In the second picture labeled “King and Queen,” it’s easy to identify (consciously) with the same gender figure. But this left-handed handshake present in the image tells us otherwise. The left often (but not always) alludes to the sinister or the dark side, which in contemporary psychological language we may refer to as the unconscious or the unknown. This shifts our perspective dramatically as we shed light into the invisible realms of the unconscious because Jung tells us that the King, in the picture represents the masculine other (Animus) for the woman and the Queen, the feminine other (Anima) for man (Jung on Alchemy pg.191). This uncanny observation is fleshed out into a comprehensive model where the dynamics of the conscious and unconscious are interacting in the transference (Jung on Alchemy pg.193). He says that this series served as a helpful model” for both men and the times” (Jung on Alchemy pg.186).

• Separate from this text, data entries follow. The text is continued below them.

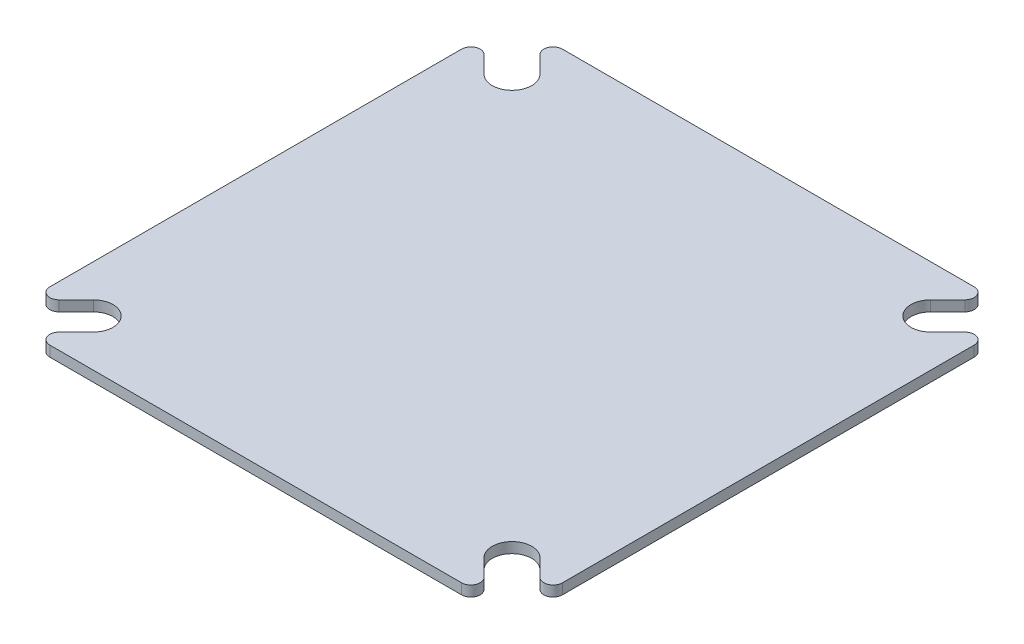
SolidWorks part; units mm, degrees
ref_plane "Front Plane" through (0, 0, 0) normal (0, 0, 1) x (1, 0, 0)
ref_plane "Top Plane" through (0, 0, 0) normal (0, 1, 0) x (1, 0, 0)
ref_plane "Right Plane" through (0, 0, 0) normal (1, 0, 0) x (0, 0, -1)
ref_axis "Axis1" through (0, 0, 0) along (0, 1, 0)
sketch "Sketch1" plane through (0, 0, 0) normal (0, 1, 0) x (1, 0, 0)
  line L0 (0, 139.7) -> (0, -139.7) construction
  line L1 (139.7, -139.7) -> (-139.7, -139.7)
  line L2 (139.7, -139.7) -> (139.7, 139.7)
  line L3 (139.7, 139.7) -> (-139.7, 139.7)
  line L4 (-139.7, -139.7) -> (-139.7, 139.7)
  line L5 (139.7, -139.7) -> (-139.7, 139.7) construction
  line L6 (139.7, 139.7) -> (-139.7, -139.7) construction
  line L7 (-139.7, 0) -> (139.7, 0) construction
  point P0 (0, 0)
  dimension "D1" = 279.4
  dimension "D2" = 279.4
extrude "Boss-Extrude1" add sketch "Sketch1" along normal blind 5.715
sketch "Sketch6" plane through (0, 5.715, 0) normal (0, 1, 0) x (1, 0, 0)
  line L0 (139.7, -139.7) -> (-139.7, 139.7) construction
  line L1 (139.7, 139.7) -> (-139.7, 139.7) construction
  line L2 (0, -62.226) -> (0, 62.226) construction
  line L3 (-62.226, 0) -> (62.226, 0) construction
  circle A0 centre (-114.3, 114.3) radius 5.0419
  circle A1 centre (114.3, 114.3) radius 5.0419
  circle A2 centre (114.3, -114.3) radius 5.0419
  circle A3 centre (-114.3, -114.3) radius 5.0419
  dimension "D1" = 10.0838
  dimension "D2" = 25.4
extrude "Cut-Extrude4" cut sketch "Sketch6" against normal up to next
sketch "Sketch8" plane through (0, 5.715, 0) normal (0, 1, 0) x (1, 0, 0)
  line L0 (-139.7, 139.7) -> (-139.7, 124.46)
  line L1 (-139.7, -139.7) -> (-139.7, 139.7) construction
  line L2 (-139.7, 139.7) -> (-124.46, 139.7)
  line L3 (139.7, 139.7) -> (-139.7, 139.7) construction
  line L4 (-139.7, 124.46) -> (-121.7395, 106.4995)
  line L5 (139.7, -139.7) -> (-139.7, 139.7) construction
  line L6 (-124.46, 139.7) -> (-106.4995, 121.7395)
  line L8 (-3.1432, 0) -> (3.1432, 0) construction
  line L9 (-124.46, -139.7) -> (-106.4995, -121.7395)
  line L10 (-139.7, -124.46) -> (-121.7395, -106.4995)
  line L11 (-139.7, -139.7) -> (-124.46, -139.7)
  line L12 (-139.7, -139.7) -> (-139.7, -124.46)
  line L13 (0, -3.1432) -> (0, 3.1432) construction
  line L14 (139.7, -139.7) -> (139.7, -124.46)
  line L15 (139.7, -139.7) -> (124.46, -139.7)
  line L16 (139.7, -124.46) -> (121.7395, -106.4995)
  line L17 (124.46, -139.7) -> (106.4995, -121.7395)
  line L18 (124.46, 139.7) -> (106.4995, 121.7395)
  line L19 (139.7, 124.46) -> (121.7395, 106.4995)
  line L20 (139.7, 139.7) -> (124.46, 139.7)
  line L21 (139.7, 139.7) -> (139.7, 124.46)
  arc A1 (-121.7395, 106.4995) -> (-106.4995, 121.7395) centre (-114.1195, 114.1195) ccw
  arc A2 (-121.7395, -106.4995) -> (-106.4995, -121.7395) centre (-114.1195, -114.1195) cw
  arc A3 (121.7395, -106.4995) -> (106.4995, -121.7395) centre (114.1195, -114.1195) ccw
  arc A4 (121.7395, 106.4995) -> (106.4995, 121.7395) centre (114.1195, 114.1195) cw
  dimension "D1" = 15.24
  dimension "D2" = 25.4
  dimension "D3" = 25.4
extrude "Cut-Extrude6" cut sketch "Sketch8" against normal up to next
fillet "Fillet1" radius 5.08 8 edges at (124.46, 2.8575, 139.7) (139.7, 2.8575, 124.46) (-124.46, 2.8575, 139.7) (-139.7, 2.8575, 124.46) (139.7, 2.8575, -124.46) (124.46, 2.8575, -139.7) (-139.7, 2.8575, -124.46) (-124.46, 2.8575, -139.7)
equation "\"t\"= 0.225"
equation "\"D1@Boss-Extrude1\"=\"t\""

Not only did Jung understand the images a psychic parallel to the transference but also to process of individuation. Differentiation happens naturally without much intervention of an outside force. A plant will come to flower on its own but given the right container, the right soil and right amount of sun light, the process of flowering or reaching its highest potential can be achieved quicker than it if it were to struggle on its own. This is what the alchemists and Jung (in different ways) were attempting to do. For the alchemist the right recipe and flask to transform nature and for Jung, the right image to transform the psyche. Jung says that the unconscious will produce “images of the goal” and images that “anticipate wholeness” or at least the possibility of “order” (Jung on Alchemy pg.211) that will contain the opposites. As the idea of wholeness is a paradox which can be only described in “antimonies” (Jung on Alchemy pg.209). The image of the coniunctio is one such image that corresponds to these antimonies in both the transference and human relationships (Jung on Alchemy pg.214). Jung understands the coniunctio as a symbol of wholeness in the individuation process that is freeing instinctive energy that would otherwise overload it in it’s absence (Jung on Alchemy pg.200).
Resources:
Schwartz-Slant, N. (1995). Jung on Alchemy, part of Encountering Jung series. Princeton, New Jersey: Princeton University Press.